Kudeta Sudan 2021: Demokrasi yang Dibelah Militer
Tanggal: 15 Mei 2025 20:23 wib.
Sudan telah menjadi sorotan dunia setelah terjadinya kudeta militer pada tahun 2021, yang mengguncang upaya transisi demokrasi di negara tersebut. Sejak jatuhnya rezim Omar al-Bashir pada April 2019, Sudan telah menjalani masa transisi yang dipenuhi harapan akan perubahan politik menuju sistem yang lebih demokratis. Namun, langkah maju ini terhambat oleh konflik internal dan ketegangan antara militer dan kelompok sipil yang menginginkan reformasi.
Kudeta militer yang terjadi pada 25 Oktober 2021 dipimpin oleh Jenderal Abdel Fattah al-Burhan. Ia mengambil tindakan ekstrem dengan mengeluarkan Menteri Pertahanan dan mengamankan para pemimpin sipil, termasuk Perdana Menteri Abdalla Hamdok. Langkah ini mengejutkan banyak pihak, terutama karena sebelumnya kedua pihak—militer dan kelompok sipil—telah berkomitmen untuk berbagi kekuasaan dalam kerangka transisi. Setelah kudeta, Sudan terjebak dalam ketidakpastian dengan demonstrasi massal yang dipimpin oleh rakyat yang menuntut pemulihan pemerintahan sipil.
Kudeta ini tidak hanya mencederai harapan rakyat Sudan yang menginginkan demokrasi, tetapi juga mengundang kecaman luas dari masyarakat internasional. Negara-negara Barat, termasuk Amerika Serikat dan Uni Eropa, mengekspresikan penolakan mereka terhadap tindakan militer tersebut dan menyerukan adanya kembalinya pemerintah sipil. Selain itu, Organisasi Perserikatan Bangsa-Bangsa juga berkontribusi dalam upaya untuk mendesak dialog antara semua pihak yang terlibat.

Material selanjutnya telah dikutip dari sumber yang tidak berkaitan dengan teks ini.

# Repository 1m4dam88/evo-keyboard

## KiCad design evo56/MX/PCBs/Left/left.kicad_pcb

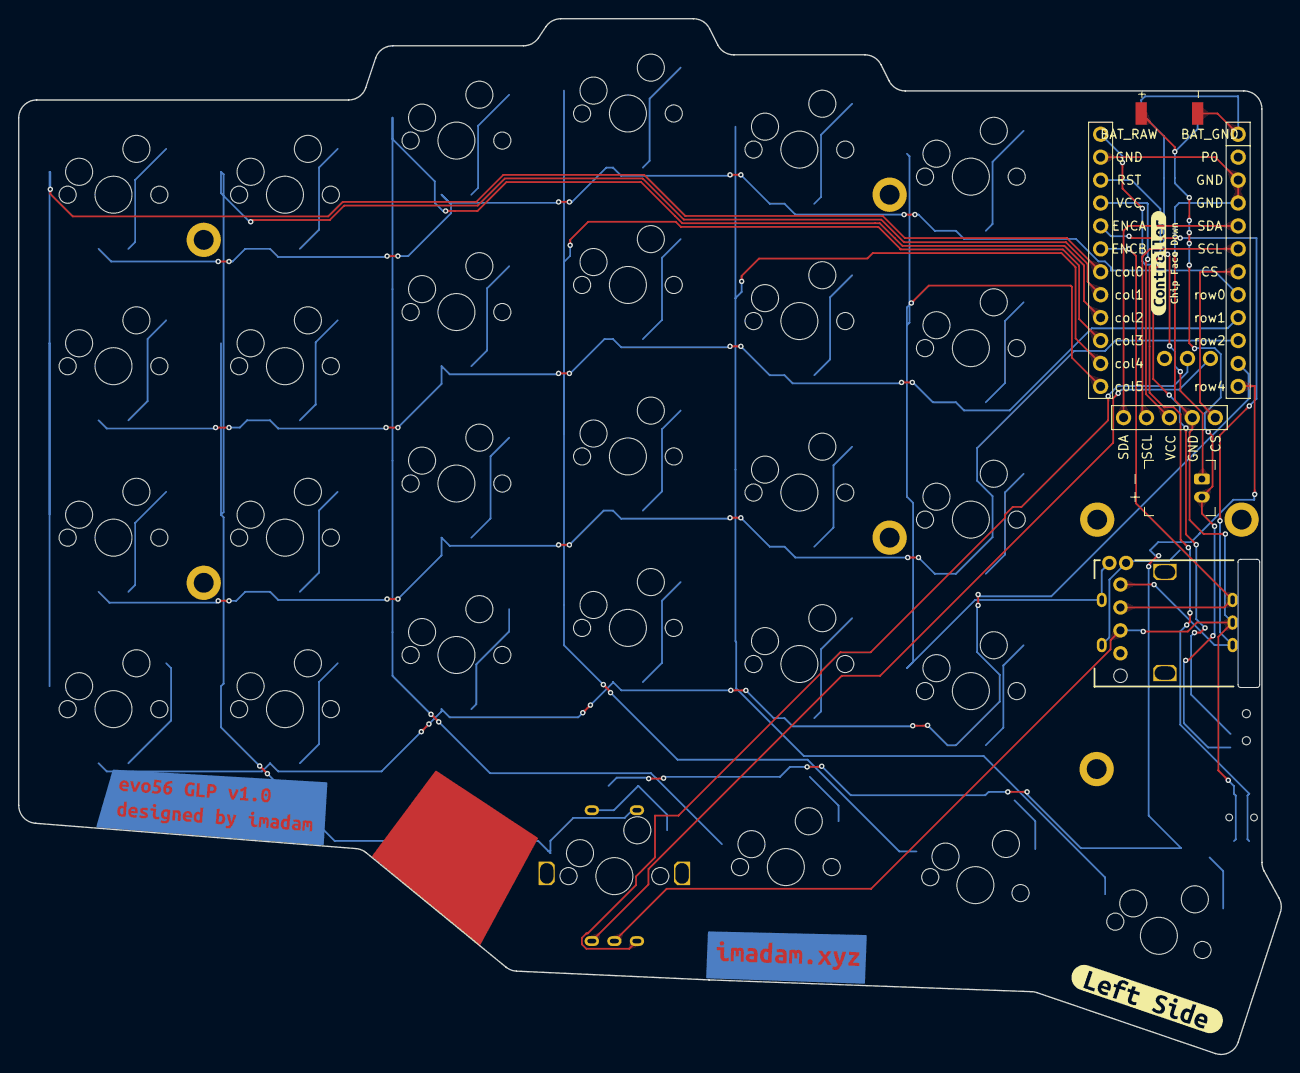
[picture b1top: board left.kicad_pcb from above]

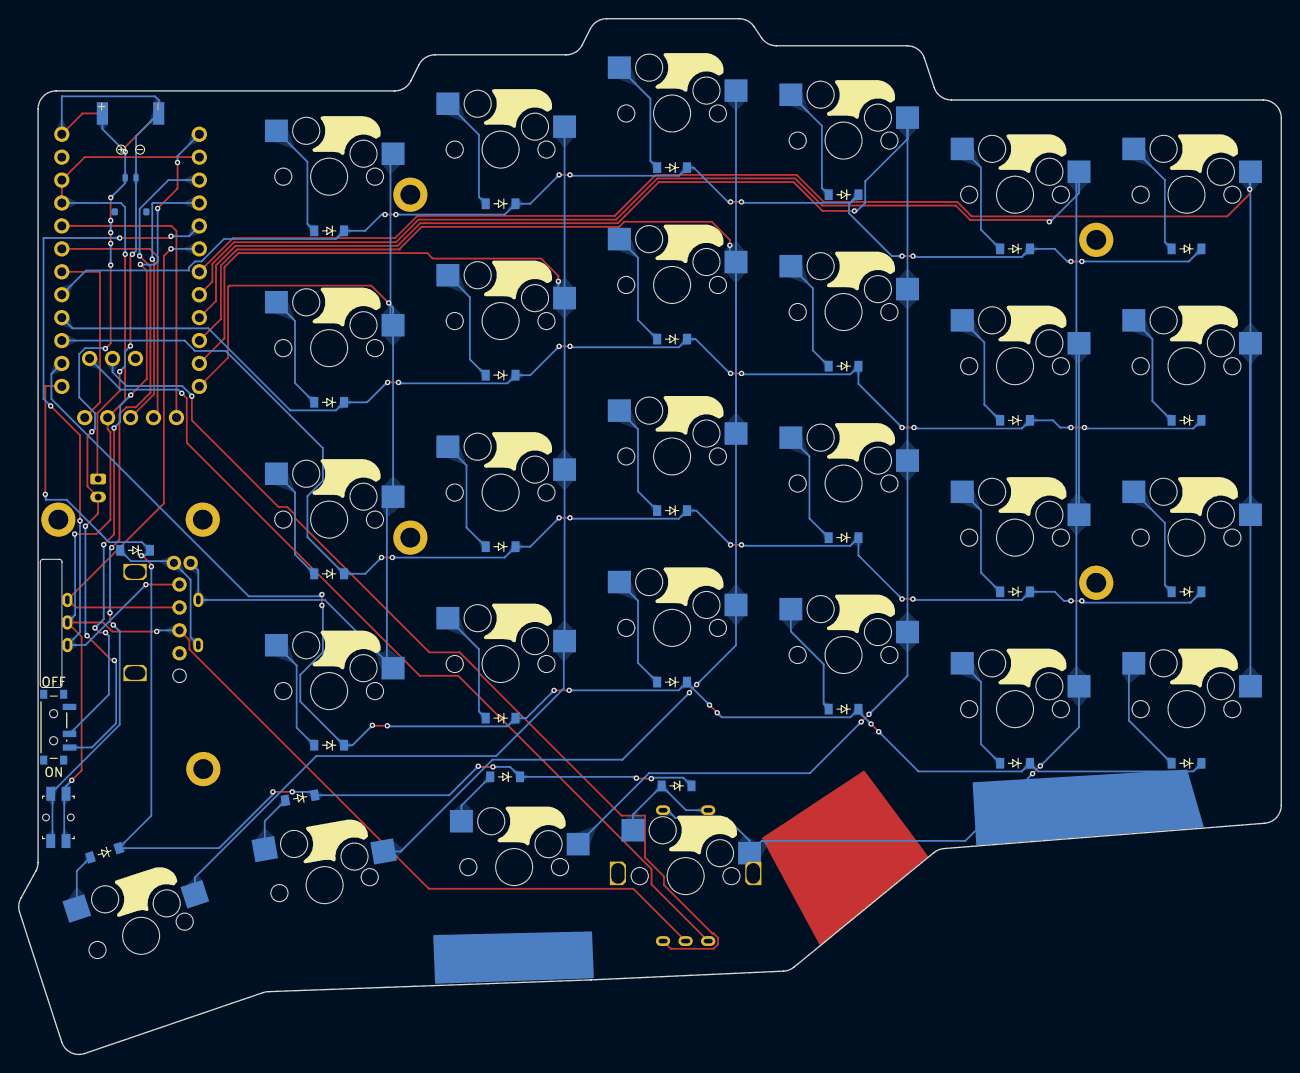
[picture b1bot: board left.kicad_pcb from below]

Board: 2 copper layers, 139.9 x 114.8 mm, 78 parts (62 on the bottom side), 53 nets.

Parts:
Board_0-kibuzzard-67FD9A83: G***; kibuzzard-67FD9A83
Board_0-kibuzzard-67FD52AD: G***; kibuzzard-67FD52AD
Board_0-kibuzzard-67FD5276: G***; kibuzzard-67FD5276
Board_0-kibuzzard-67FD5311: G***; kibuzzard-67FD5311
Board_0-kibuzzard-67FD5341: G***; kibuzzard-67FD5341
CONN1: battery_connector_molex_pico_ezmate_1x02
D1, D2, D3, D4, D5, D6, D7, D8, D9, D10, D11, D12, D13, D14, D15, D16, D17, D18, D19, D20, D21, D22, D23, D24, D25, D26, D27, D28, D29: diode_tht_sod123
DISP1: display_nice_view
H1, H2, H3, H4, H5, H11, H12: mounting_hole_plated
JST1: battery_connector_jst_ph_2
MCU1: mcu_supermini_nrf52840
PAD1: pads
PWR1: power_switch_smd_side
RE1, RE2: rotary_encoder_ec11_ec12
RST1: reset_switch_smd_side
S1, S2, S3, S4, S5, S6, S7, S8, S9, S10, S11, S12, S13, S14, S15, S16, S17, S18, S19, S20, S21, S22, S23, S24, S25, S26, S27, S28: switch_mx

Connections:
BAT_GND: CONN1.2, JST1.1, MCU1.1, PAD1.1, PAD1.2
BAT_RAW: MCU1.24, PWR1.2
CS: DISP1.5, MCU1.7
ENCA: MCU1.20, RE1.A
ENCB: MCU1.19, RE1.C
ENCC: MCU1.25, RE2.A
ENCD: MCU1.26, RE2.C
GND: DISP1.4, MCU1.3, MCU1.4, MCU1.23, RE1.B, RE2.B, RST1.2, RST1.4
ON_P: CONN1.1, JST1.2, PAD1.1, PAD1.2, PWR1.3
RST: MCU1.22, RST1.1, RST1.3
SCL: DISP1.2, MCU1.6
SDA: DISP1.1, MCU1.5
VCC: DISP1.3, MCU1.21
col0: MCU1.18, S1.1, S2.1, S3.1, S4.1
col1: MCU1.17, RE2.S1, S5.1, S6.1, S7.1, S8.1, S25.1
col2: MCU1.16, S9.1, S10.1, S11.1, S12.1, S26.1
col3: MCU1.15, S13.1, S14.1, S15.1, S16.1, S27.1
col4: MCU1.14, S17.1, S18.1, S19.1, S20.1, S28.1
col5: MCU1.13, RE1.S1, S21.1, S22.1, S23.1, S24.1
home_cluster: D26.2, S26.2
index_bottom: D17.2, S17.2
index_home: D18.2, S18.2
index_num: D20.2, S20.2
index_top: D19.2, S19.2
inner_bottom: D21.2, S21.2
inner_cluster: D25.2, RE2.S2, S25.2
inner_home: D22.2, S22.2
inner_num: D24.2, S24.2
inner_top: D23.2, S23.2
layer_cluster: D27.2, S27.2
middle_bottom: D13.2, S13.2
middle_home: D14.2, S14.2
middle_num: D16.2, S16.2
middle_top: D15.2, S15.2
outer_bottom: D1.2, S1.2
outer_home: D2.2, S2.2
outer_num: D4.2, S4.2
outer_top: D3.2, S3.2
pinky_bottom: D5.2, S5.2
pinky_home: D6.2, S6.2
pinky_num: D8.2, S8.2
pinky_top: D7.2, S7.2
ring_bottom: D9.2, S9.2
ring_home: D10.2, S10.2
ring_num: D12.2, S12.2
ring_top: D11.2, S11.2
row0: D4.1, D8.1, D12.1, D16.1, D20.1, D24.1, MCU1.8
row1: D3.1, D7.1, D11.1, D15.1, D19.1, D23.1, MCU1.9
row2: D2.1, D6.1, D10.1, D14.1, D18.1, D22.1, MCU1.10
row3: D1.1, D5.1, D9.1, D13.1, D17.1, D21.1, MCU1.11
row4: D25.1, D26.1, D27.1, D28.1, D29.1, MCU1.12
scrollwheel_enc: D29.2, RE1.S2
space_cluster: D28.2, S28.2

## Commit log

2025-02-24 left pcb initial commit
2025-02-24 left and right mostly finished
2025-02-25 added fill
2025-03-19 layout
2025-03-20 change outline
2025-03-20 remove old PCBs
2025-04-05 almost finsihed ergogen config for glp
2025-04-05 pcb finalized i think
2025-04-06 update outlines
2025-04-07 er i lied
2025-04-07 modularise more
2025-04-08 redo outine
2025-04-09 40% > 50%
2025-04-09 make 2 layouts, 44 and 56.
2025-04-18 finish right glp pcb

Transisi di Sudan seharusnya menjadi momentum untuk memupuk prakarsa demokratis. Pembentukan Dewan Kedaulatan yang terdiri dari anggota militer dan sipil merupakan langkah awal yang diharapkan dapat menjaga stabilitas dan memfasilitasi reformasi. Namun, ketegangan antara kedua pihak terus meningkat, terutama setelah demonstrasi besar-besaran yang dihadapi dengan tindakan keras dari aparat keamanan. Bulan November 2021, laporan berbagai organisasi hak asasi manusia mencatat bahwa ratusan pengunjuk rasa terluka dan puluhan lainnya tewas.
Pasca kudeta, situasi ekonomi di Sudan semakin memburuk. Negara tersebut, yang kaya akan sumber daya alam seperti minyak dan emas, kini terperosok dalam krisis keuangan dan pangan. Banyaknya pengungsi dan pengungsi internal akibat ketidakstabilan politik membuat crisis kemanusiaan semakin mendalam. Kebijakan ekonomi yang diusulkan oleh pemerintah sipil sebelumnya pun tak kunjung dilaksanakan karena kurangnya dukungan dari pihak militer.
Kudeta ini juga memunculkan tantangan bagi peran perempuan dalam proses transisi demokrasi. Banyak perempuan yang aktif terlibat dalam gerakan pro-demokrasi di Sudan, namun setelah kudeta, banyak dari mereka menghadapi ancaman dan kekerasan. Partisipasi perempuan dalam politik sangat penting untuk mencapai keseimbangan serta representasi yang adil dalam transisi demokrasi. Tanpa kehadiran mereka, impian untuk membangun Sudan yang lebih demokratis dapat terancam pudar.
Meskipun banyak rintangan, semangat rakyat Sudan untuk berjuang demi demokrasi tetap berkobar. Mereka terus melakukan demonstrasi dengan harapan akan kembalinya pemerintahan sipil dan mendorong terjadinya perubahan positif. Seiring berlalunya waktu, harapan baru muncul bahwa dialog antarpihak dapat dibangun demi mencapai kesepakatan yang akan membawa Sudan menuju masa depan yang lebih baik. Meski tantangan besar masih menghampiri, tekad rakyat Sudan untuk melawan kembali kudeta militer ini menunjukkan betapa kuatnya aspirasi mereka untuk bersatu dan berjuang demi demokrasi yang sejati.